Este pasaje evangélico, al igual que el tema de la Anunciación, puede representarse con sentido narrativo o con intención contemplativa. En el primer caso, el gran iconógrafo sevillano Francisco Pacheco aconseja, en 1649, que esta historia se desarrolle en el interior de un suntuoso templo, con todo lujo de detalles y elementos anecdóticos. En el segundo caso, se considera a María, con el Niño en brazos, desgajada o aislada de la escena evangélica. Un buen ejemplo de esta última versión plástica es la Virgen de la Candelaria de la parroquial de Trigueros.
María, de pie, deja vislumbrar bajo su rico ropaje el contrapposto, oposición armónica de las piernas. Su cuerpo, de esbelta figura, descansa sobre la izquierda; mientras que la otra queda exonerada. Viste larga y pesada túnica roja, de alto talle ceñido por correa, y manto azul. Ambas prendas están estampadas en oro. Bajo el caligráfico borde inferior del traje asoman los chapines. En el pecho luce un rico adorno. Su cabeza, desprovista de toca, muestra una larga cabellera, peinada con raya al centro, que dulcifica el óvalo del rostro y cae por detrás en simétricas ondas. En origen, debió llevar un cirio en la diestra, símbolo iconográfico de su advocación. Y con la opuesta sostiene al pequeño Jesús, que, ataviado con túnica telar de quebrados pliegues, exhibe la esfera terrestre en la mano izquierda.

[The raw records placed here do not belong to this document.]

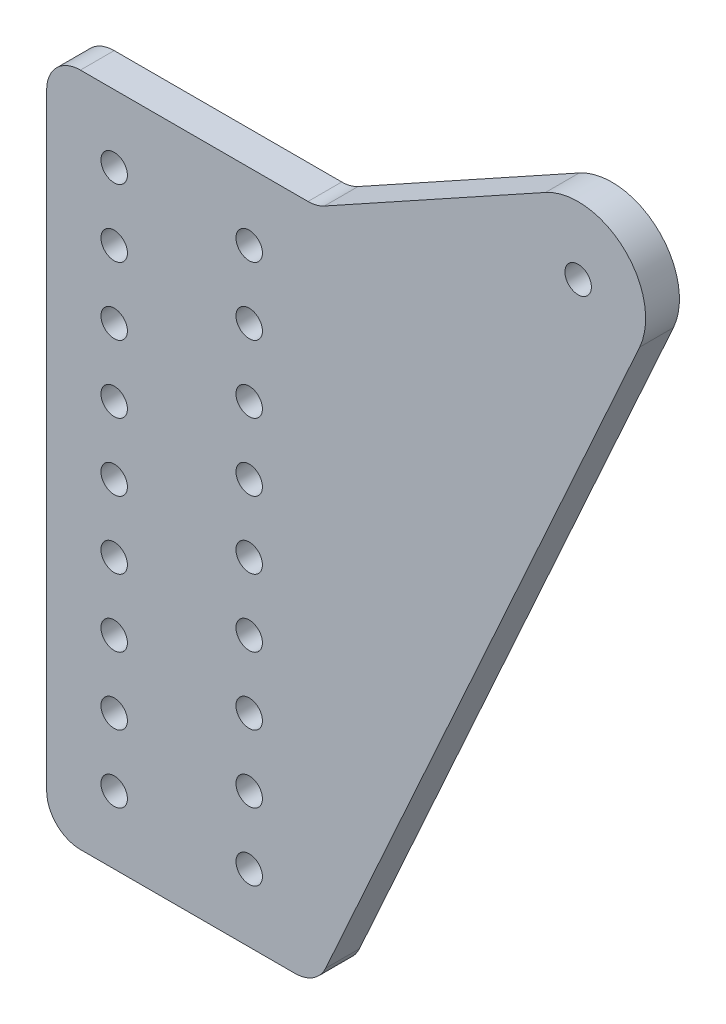
ISO-10303-21;
HEADER;
FILE_DESCRIPTION(('STEP AP214'),'2;1');
FILE_NAME('part.step','',(''),(''),'','','');
FILE_SCHEMA(('AUTOMOTIVE_DESIGN { 1 0 10303 214 1 1 1 1 }'));
ENDSEC;
DATA;
#1=APPLICATION_CONTEXT('core data for automotive mechanical design processes');
#2=APPLICATION_PROTOCOL_DEFINITION('international standard','automotive_design',2000,#1);
#3=PRODUCT_CONTEXT('',#1,'mechanical');
#4=PRODUCT('Part','Part','',(#3));
#5=PRODUCT_RELATED_PRODUCT_CATEGORY('part','',(#4));
#6=PRODUCT_DEFINITION_FORMATION('','',#4);
#7=PRODUCT_DEFINITION_CONTEXT('part definition',#1,'design');
#8=PRODUCT_DEFINITION('design','',#6,#7);
#9=PRODUCT_DEFINITION_SHAPE('','',#8);
#10=(LENGTH_UNIT() NAMED_UNIT(*) SI_UNIT(.MILLI.,.METRE.));
#11=(NAMED_UNIT(*) PLANE_ANGLE_UNIT() SI_UNIT($,.RADIAN.));
#12=(NAMED_UNIT(*) SI_UNIT($,.STERADIAN.) SOLID_ANGLE_UNIT());
#13=UNCERTAINTY_MEASURE_WITH_UNIT(LENGTH_MEASURE(1.E-05),#10,'distance_accuracy_value','');
#14=(GEOMETRIC_REPRESENTATION_CONTEXT(3) GLOBAL_UNCERTAINTY_ASSIGNED_CONTEXT((#13)) GLOBAL_UNIT_ASSIGNED_CONTEXT((#10,
#11,#12)) REPRESENTATION_CONTEXT('',''));
#15=CARTESIAN_POINT('',(0.,0.,0.));
#16=DIRECTION('',(0.,0.,1.));
#17=DIRECTION('',(1.,0.,0.));
#18=AXIS2_PLACEMENT_3D('',#15,#16,#17);
#19=CARTESIAN_POINT('',(-14.470826659618,6.53887304743332,-6.35));
#20=DIRECTION('',(0.911284099188198,-0.411778205550943,0.));
#21=DIRECTION('',(0.411778205550943,0.911284099188198,0.));
#22=AXIS2_PLACEMENT_3D('',#19,#20,#21);
#23=PLANE('',#22);
#24=DIRECTION('',(0.411778205550943,0.911284099188198,0.));
#25=VECTOR('',#24,1.);
#26=CARTESIAN_POINT('',(-14.470826659618,6.53887304743332,0.));
#27=LINE('',#26,#25);
#28=CARTESIAN_POINT('',(141.387813286241,351.461208394752,0.));
#29=VERTEX_POINT('',#28);
#30=CARTESIAN_POINT('',(200.461068727398,482.193038406938,0.));
#31=VERTEX_POINT('',#30);
#32=EDGE_CURVE('E149',#29,#31,#27,.T.);
#33=ORIENTED_EDGE('',*,*,#32,.F.);
#34=DIRECTION('',(0.,0.,1.));
#35=VECTOR('',#34,1.);
#36=CARTESIAN_POINT('',(141.387813286241,351.461208394752,-6.35));
#37=LINE('',#36,#35);
#38=CARTESIAN_POINT('',(141.387813286241,351.461208394752,-6.35));
#39=VERTEX_POINT('',#38);
#40=EDGE_CURVE('E56',#29,#39,#37,.F.);
#41=ORIENTED_EDGE('',*,*,#40,.T.);
#42=DIRECTION('',(0.411778205550943,0.911284099188198,0.));
#43=VECTOR('',#42,1.);
#44=CARTESIAN_POINT('',(-14.470826659618,6.53887304743332,-6.35));
#45=LINE('',#44,#43);
#46=CARTESIAN_POINT('',(200.461068727398,482.193038406938,-6.35));
#47=VERTEX_POINT('',#46);
#48=EDGE_CURVE('E117',#39,#47,#45,.T.);
#49=ORIENTED_EDGE('',*,*,#48,.T.);
#50=DIRECTION('',(0.,0.,1.));
#51=VECTOR('',#50,1.);
#52=CARTESIAN_POINT('',(200.461068727398,482.193038406938,-6.35));
#53=LINE('',#52,#51);
#54=EDGE_CURVE('E119',#47,#31,#53,.T.);
#55=ORIENTED_EDGE('',*,*,#54,.T.);
#56=EDGE_LOOP('',(#33,#41,#49,#55));
#57=FACE_BOUND('',#56,.T.);
#58=ADVANCED_FACE('F41',(#57),#23,.T.);
#59=CARTESIAN_POINT('',(0.,347.726,-6.35));
#60=DIRECTION('',(0.,-1.,0.));
#61=DIRECTION('',(0.,0.,-1.));
#62=AXIS2_PLACEMENT_3D('',#59,#60,#61);
#63=PLANE('',#62);
#64=DIRECTION('',(1.,0.,0.));
#65=VECTOR('',#64,1.);
#66=CARTESIAN_POINT('',(0.,347.726,0.));
#67=LINE('',#66,#65);
#68=CARTESIAN_POINT('',(95.25,347.726,0.));
#69=VERTEX_POINT('',#68);
#70=CARTESIAN_POINT('',(135.601159256395,347.726,0.));
#71=VERTEX_POINT('',#70);
#72=EDGE_CURVE('E123',#69,#71,#67,.T.);
#73=ORIENTED_EDGE('',*,*,#72,.F.);
#74=DIRECTION('',(0.,0.,1.));
#75=VECTOR('',#74,1.);
#76=CARTESIAN_POINT('',(95.25,347.726,-6.35));
#77=LINE('',#76,#75);
#78=CARTESIAN_POINT('',(95.25,347.726,-6.35));
#79=VERTEX_POINT('',#78);
#80=EDGE_CURVE('E186',#69,#79,#77,.F.);
#81=ORIENTED_EDGE('',*,*,#80,.T.);
#82=DIRECTION('',(1.,0.,0.));
#83=VECTOR('',#82,1.);
#84=CARTESIAN_POINT('',(0.,347.726,-6.35));
#85=LINE('',#84,#83);
#86=CARTESIAN_POINT('',(135.601159256395,347.726,-6.35));
#87=VERTEX_POINT('',#86);
#88=EDGE_CURVE('E132',#79,#87,#85,.T.);
#89=ORIENTED_EDGE('',*,*,#88,.T.);
#90=DIRECTION('',(0.,0.,1.));
#91=VECTOR('',#90,1.);
#92=CARTESIAN_POINT('',(135.601159256395,347.726,-6.35));
#93=LINE('',#92,#91);
#94=EDGE_CURVE('E183',#87,#71,#93,.T.);
#95=ORIENTED_EDGE('',*,*,#94,.T.);
#96=EDGE_LOOP('',(#73,#81,#89,#95));
#97=FACE_BOUND('',#96,.T.);
#98=ADVANCED_FACE('F213',(#97),#63,.T.);
#99=CARTESIAN_POINT('',(88.9,0.,-6.35));
#100=DIRECTION('',(-1.,0.,0.));
#101=DIRECTION('',(0.,-1.,0.));
#102=AXIS2_PLACEMENT_3D('',#99,#100,#101);
#103=PLANE('',#102);
#104=DIRECTION('',(0.,-1.,0.));
#105=VECTOR('',#104,1.);
#106=CARTESIAN_POINT('',(88.9,0.,-6.35));
#107=LINE('',#106,#105);
#108=CARTESIAN_POINT('',(88.9,468.376,-6.35));
#109=VERTEX_POINT('',#108);
#110=CARTESIAN_POINT('',(88.9,354.076,-6.35));
#111=VERTEX_POINT('',#110);
#112=EDGE_CURVE('E145',#109,#111,#107,.T.);
#113=ORIENTED_EDGE('',*,*,#112,.T.);
#114=DIRECTION('',(0.,0.,1.));
#115=VECTOR('',#114,1.);
#116=CARTESIAN_POINT('',(88.9,354.076,-6.35));
#117=LINE('',#116,#115);
#118=CARTESIAN_POINT('',(88.9,354.076,0.));
#119=VERTEX_POINT('',#118);
#120=EDGE_CURVE('E174',#111,#119,#117,.T.);
#121=ORIENTED_EDGE('',*,*,#120,.T.);
#122=DIRECTION('',(0.,-1.,0.));
#123=VECTOR('',#122,1.);
#124=CARTESIAN_POINT('',(88.9,0.,0.));
#125=LINE('',#124,#123);
#126=CARTESIAN_POINT('',(88.9,468.376,0.));
#127=VERTEX_POINT('',#126);
#128=EDGE_CURVE('E158',#127,#119,#125,.T.);
#129=ORIENTED_EDGE('',*,*,#128,.F.);
#130=DIRECTION('',(0.,0.,1.));
#131=VECTOR('',#130,1.);
#132=CARTESIAN_POINT('',(88.9,468.376,-6.35));
#133=LINE('',#132,#131);
#134=EDGE_CURVE('E172',#127,#109,#133,.F.);
#135=ORIENTED_EDGE('',*,*,#134,.T.);
#136=EDGE_LOOP('',(#113,#121,#129,#135));
#137=FACE_BOUND('',#136,.T.);
#138=ADVANCED_FACE('F221',(#137),#103,.T.);
#139=CARTESIAN_POINT('',(0.,474.726,-6.35));
#140=DIRECTION('',(0.,-1.,0.));
#141=DIRECTION('',(0.,0.,-1.));
#142=AXIS2_PLACEMENT_3D('',#139,#140,#141);
#143=PLANE('',#142);
#144=DIRECTION('',(1.,0.,0.));
#145=VECTOR('',#144,1.);
#146=CARTESIAN_POINT('',(0.,474.726,0.));
#147=LINE('',#146,#145);
#148=CARTESIAN_POINT('',(95.25,474.726,0.));
#149=VERTEX_POINT('',#148);
#150=CARTESIAN_POINT('',(138.060669657881,474.726,0.));
#151=VERTEX_POINT('',#150);
#152=EDGE_CURVE('E155',#149,#151,#147,.T.);
#153=ORIENTED_EDGE('',*,*,#152,.T.);
#154=DIRECTION('',(0.,0.,1.));
#155=VECTOR('',#154,1.);
#156=CARTESIAN_POINT('',(138.060669657881,474.726,-6.35));
#157=LINE('',#156,#155);
#158=CARTESIAN_POINT('',(138.060669657881,474.726,-6.35));
#159=VERTEX_POINT('',#158);
#160=EDGE_CURVE('E170',#151,#159,#157,.F.);
#161=ORIENTED_EDGE('',*,*,#160,.T.);
#162=DIRECTION('',(1.,0.,0.));
#163=VECTOR('',#162,1.);
#164=CARTESIAN_POINT('',(0.,474.726,-6.35));
#165=LINE('',#164,#163);
#166=CARTESIAN_POINT('',(95.25,474.726,-6.35));
#167=VERTEX_POINT('',#166);
#168=EDGE_CURVE('E139',#167,#159,#165,.T.);
#169=ORIENTED_EDGE('',*,*,#168,.F.);
#170=DIRECTION('',(0.,0.,1.));
#171=VECTOR('',#170,1.);
#172=CARTESIAN_POINT('',(95.25,474.726,0.));
#173=LINE('',#172,#171);
#174=EDGE_CURVE('E167',#167,#149,#173,.T.);
#175=ORIENTED_EDGE('',*,*,#174,.T.);
#176=EDGE_LOOP('',(#153,#161,#169,#175));
#177=FACE_BOUND('',#176,.T.);
#178=ADVANCED_FACE('F201',(#177),#143,.F.);
#179=CARTESIAN_POINT('',(-168.346136870146,304.316839689287,-6.35));
#180=DIRECTION('',(0.484062818627612,-0.875033249438152,0.));
#181=DIRECTION('',(0.875033249438152,0.484062818627612,0.));
#182=AXIS2_PLACEMENT_3D('',#179,#180,#181);
#183=PLANE('',#182);
#184=DIRECTION('',(0.875033249438152,0.484062818627612,0.));
#185=VECTOR('',#184,1.);
#186=CARTESIAN_POINT('',(-168.346136870146,304.316839689287,-6.35));
#187=LINE('',#186,#185);
#188=CARTESIAN_POINT('',(141.134468556167,475.519538866068,-6.35));
#189=VERTEX_POINT('',#188);
#190=CARTESIAN_POINT('',(182.740162871137,498.5355438853,-6.35));
#191=VERTEX_POINT('',#190);
#192=EDGE_CURVE('E136',#189,#191,#187,.T.);
#193=ORIENTED_EDGE('',*,*,#192,.F.);
#194=DIRECTION('',(0.,0.,1.));
#195=VECTOR('',#194,1.);
#196=CARTESIAN_POINT('',(141.134468556167,475.519538866068,0.));
#197=LINE('',#196,#195);
#198=CARTESIAN_POINT('',(141.134468556167,475.519538866068,0.));
#199=VERTEX_POINT('',#198);
#200=EDGE_CURVE('E163',#189,#199,#197,.T.);
#201=ORIENTED_EDGE('',*,*,#200,.T.);
#202=DIRECTION('',(0.875033249438152,0.484062818627612,0.));
#203=VECTOR('',#202,1.);
#204=CARTESIAN_POINT('',(-168.346136870146,304.316839689287,0.));
#205=LINE('',#204,#203);
#206=CARTESIAN_POINT('',(182.740162871137,498.5355438853,0.));
#207=VERTEX_POINT('',#206);
#208=EDGE_CURVE('E153',#199,#207,#205,.T.);
#209=ORIENTED_EDGE('',*,*,#208,.T.);
#210=DIRECTION('',(0.,0.,1.));
#211=VECTOR('',#210,1.);
#212=CARTESIAN_POINT('',(182.740162871137,498.5355438853,-6.35));
#213=LINE('',#212,#211);
#214=EDGE_CURVE('E131',#191,#207,#213,.T.);
#215=ORIENTED_EDGE('',*,*,#214,.F.);
#216=EDGE_LOOP('',(#193,#201,#209,#215));
#217=FACE_BOUND('',#216,.T.);
#218=ADVANCED_FACE('F207',(#217),#183,.F.);
#219=CARTESIAN_POINT('',(188.887760667708,487.422621617435,-6.35));
#220=DIRECTION('',(0.,0.,1.));
#221=DIRECTION('',(1.,0.,0.));
#222=AXIS2_PLACEMENT_3D('',#219,#220,#221);
#223=CYLINDRICAL_SURFACE('',#222,12.7);
#224=CARTESIAN_POINT('',(188.887760667708,487.422621617435,0.));
#225=DIRECTION('',(0.,0.,1.));
#226=DIRECTION('',(1.,0.,0.));
#227=AXIS2_PLACEMENT_3D('',#224,#225,#226);
#228=CIRCLE('',#227,12.7);
#229=EDGE_CURVE('E130',#31,#207,#228,.T.);
#230=ORIENTED_EDGE('',*,*,#229,.F.);
#231=ORIENTED_EDGE('',*,*,#54,.F.);
#232=CARTESIAN_POINT('',(188.887760667708,487.422621617435,-6.35));
#233=DIRECTION('',(0.,0.,1.));
#234=DIRECTION('',(1.,0.,0.));
#235=AXIS2_PLACEMENT_3D('',#232,#233,#234);
#236=CIRCLE('',#235,12.7);
#237=EDGE_CURVE('E122',#47,#191,#236,.T.);
#238=ORIENTED_EDGE('',*,*,#237,.T.);
#239=ORIENTED_EDGE('',*,*,#214,.T.);
#240=EDGE_LOOP('',(#230,#231,#238,#239));
#241=FACE_BOUND('',#240,.T.);
#242=ADVANCED_FACE('F127',(#241),#223,.T.);
#243=CARTESIAN_POINT('',(0.,0.,-6.35));
#244=DIRECTION('',(0.,0.,1.));
#245=DIRECTION('',(1.,0.,0.));
#246=AXIS2_PLACEMENT_3D('',#243,#244,#245);
#247=PLANE('',#246);
#248=CARTESIAN_POINT('',(127.,423.926,-6.35));
#249=DIRECTION('',(0.,0.,1.));
#250=DIRECTION('',(1.,0.,0.));
#251=AXIS2_PLACEMENT_3D('',#248,#249,#250);
#252=CIRCLE('',#251,2.48920000000003);
#253=CARTESIAN_POINT('',(129.4892,423.926,-6.35));
#254=VERTEX_POINT('',#253);
#255=EDGE_CURVE('E639',#254,#254,#252,.T.);
#256=ORIENTED_EDGE('',*,*,#255,.T.);
#257=EDGE_LOOP('',(#256));
#258=FACE_BOUND('',#257,.T.);
#259=CARTESIAN_POINT('',(127.,436.626,-6.35));
#260=DIRECTION('',(0.,0.,1.));
#261=DIRECTION('',(1.,0.,0.));
#262=AXIS2_PLACEMENT_3D('',#259,#260,#261);
#263=CIRCLE('',#262,2.48920000000003);
#264=CARTESIAN_POINT('',(129.4892,436.626,-6.35));
#265=VERTEX_POINT('',#264);
#266=EDGE_CURVE('E643',#265,#265,#263,.T.);
#267=ORIENTED_EDGE('',*,*,#266,.T.);
#268=EDGE_LOOP('',(#267));
#269=FACE_BOUND('',#268,.T.);
#270=CARTESIAN_POINT('',(127.,449.326,-6.35));
#271=DIRECTION('',(0.,0.,1.));
#272=DIRECTION('',(1.,0.,0.));
#273=AXIS2_PLACEMENT_3D('',#270,#271,#272);
#274=CIRCLE('',#273,2.48920000000003);
#275=CARTESIAN_POINT('',(129.4892,449.326,-6.35));
#276=VERTEX_POINT('',#275);
#277=EDGE_CURVE('E631',#276,#276,#274,.T.);
#278=ORIENTED_EDGE('',*,*,#277,.T.);
#279=EDGE_LOOP('',(#278));
#280=FACE_BOUND('',#279,.T.);
#281=CARTESIAN_POINT('',(101.6,360.426,-6.35));
#282=DIRECTION('',(0.,0.,1.));
#283=DIRECTION('',(1.,0.,0.));
#284=AXIS2_PLACEMENT_3D('',#281,#282,#283);
#285=CIRCLE('',#284,2.48920000000001);
#286=CARTESIAN_POINT('',(104.0892,360.426,-6.35));
#287=VERTEX_POINT('',#286);
#288=EDGE_CURVE('E635',#287,#287,#285,.T.);
#289=ORIENTED_EDGE('',*,*,#288,.T.);
#290=EDGE_LOOP('',(#289));
#291=FACE_BOUND('',#290,.T.);
#292=CARTESIAN_POINT('',(127.,411.226,-6.35));
#293=DIRECTION('',(0.,0.,1.));
#294=DIRECTION('',(1.,0.,0.));
#295=AXIS2_PLACEMENT_3D('',#292,#293,#294);
#296=CIRCLE('',#295,2.48920000000001);
#297=CARTESIAN_POINT('',(129.4892,411.226,-6.35));
#298=VERTEX_POINT('',#297);
#299=EDGE_CURVE('E659',#298,#298,#296,.T.);
#300=ORIENTED_EDGE('',*,*,#299,.T.);
#301=EDGE_LOOP('',(#300));
#302=FACE_BOUND('',#301,.T.);
#303=CARTESIAN_POINT('',(127.,398.526,-6.35));
#304=DIRECTION('',(0.,0.,1.));
#305=DIRECTION('',(1.,0.,0.));
#306=AXIS2_PLACEMENT_3D('',#303,#304,#305);
#307=CIRCLE('',#306,2.48920000000001);
#308=CARTESIAN_POINT('',(129.4892,398.526,-6.35));
#309=VERTEX_POINT('',#308);
#310=EDGE_CURVE('E655',#309,#309,#307,.T.);
#311=ORIENTED_EDGE('',*,*,#310,.T.);
#312=EDGE_LOOP('',(#311));
#313=FACE_BOUND('',#312,.T.);
#314=CARTESIAN_POINT('',(127.,385.826,-6.35));
#315=DIRECTION('',(0.,0.,1.));
#316=DIRECTION('',(1.,0.,0.));
#317=AXIS2_PLACEMENT_3D('',#314,#315,#316);
#318=CIRCLE('',#317,2.48920000000001);
#319=CARTESIAN_POINT('',(129.4892,385.826,-6.35));
#320=VERTEX_POINT('',#319);
#321=EDGE_CURVE('E651',#320,#320,#318,.T.);
#322=ORIENTED_EDGE('',*,*,#321,.T.);
#323=EDGE_LOOP('',(#322));
#324=FACE_BOUND('',#323,.T.);
#325=CARTESIAN_POINT('',(127.,373.126,-6.35));
#326=DIRECTION('',(0.,0.,1.));
#327=DIRECTION('',(1.,0.,0.));
#328=AXIS2_PLACEMENT_3D('',#325,#326,#327);
#329=CIRCLE('',#328,2.48920000000001);
#330=CARTESIAN_POINT('',(129.4892,373.126,-6.35));
#331=VERTEX_POINT('',#330);
#332=EDGE_CURVE('E647',#331,#331,#329,.T.);
#333=ORIENTED_EDGE('',*,*,#332,.T.);
#334=EDGE_LOOP('',(#333));
#335=FACE_BOUND('',#334,.T.);
#336=CARTESIAN_POINT('',(101.6,373.126,-6.35));
#337=DIRECTION('',(0.,0.,1.));
#338=DIRECTION('',(1.,0.,0.));
#339=AXIS2_PLACEMENT_3D('',#336,#337,#338);
#340=CIRCLE('',#339,2.48920000000002);
#341=CARTESIAN_POINT('',(104.0892,373.126,-6.35));
#342=VERTEX_POINT('',#341);
#343=EDGE_CURVE('E601',#342,#342,#340,.T.);
#344=ORIENTED_EDGE('',*,*,#343,.T.);
#345=EDGE_LOOP('',(#344));
#346=FACE_BOUND('',#345,.T.);
#347=CARTESIAN_POINT('',(101.6,385.826,-6.35));
#348=DIRECTION('',(0.,0.,1.));
#349=DIRECTION('',(1.,0.,0.));
#350=AXIS2_PLACEMENT_3D('',#347,#348,#349);
#351=CIRCLE('',#350,2.48920000000002);
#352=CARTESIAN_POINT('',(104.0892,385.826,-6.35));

Madre e Hijo se caracterizan por la amabilidad del semblante, mostrando la sonrisa arcaica de la época, ojos rasgados y oblicuos, boca pequeña, pómulos abultados, mentón agudo y nariz rotunda. Destacan el aplomo y verticalidad del simulacro, tan propios de la estatuaria gótica del momento. La simplicidad de líneas, la austeridad de los volúmenes y el pausado ritmo de los pliegues de la indumentaria insisten en la espiritualidad de las formas plásticas.
Figuró en la Exposición Ave María, en la Casa Colón, Huelva, diciembre de 2002 a enero de 2003.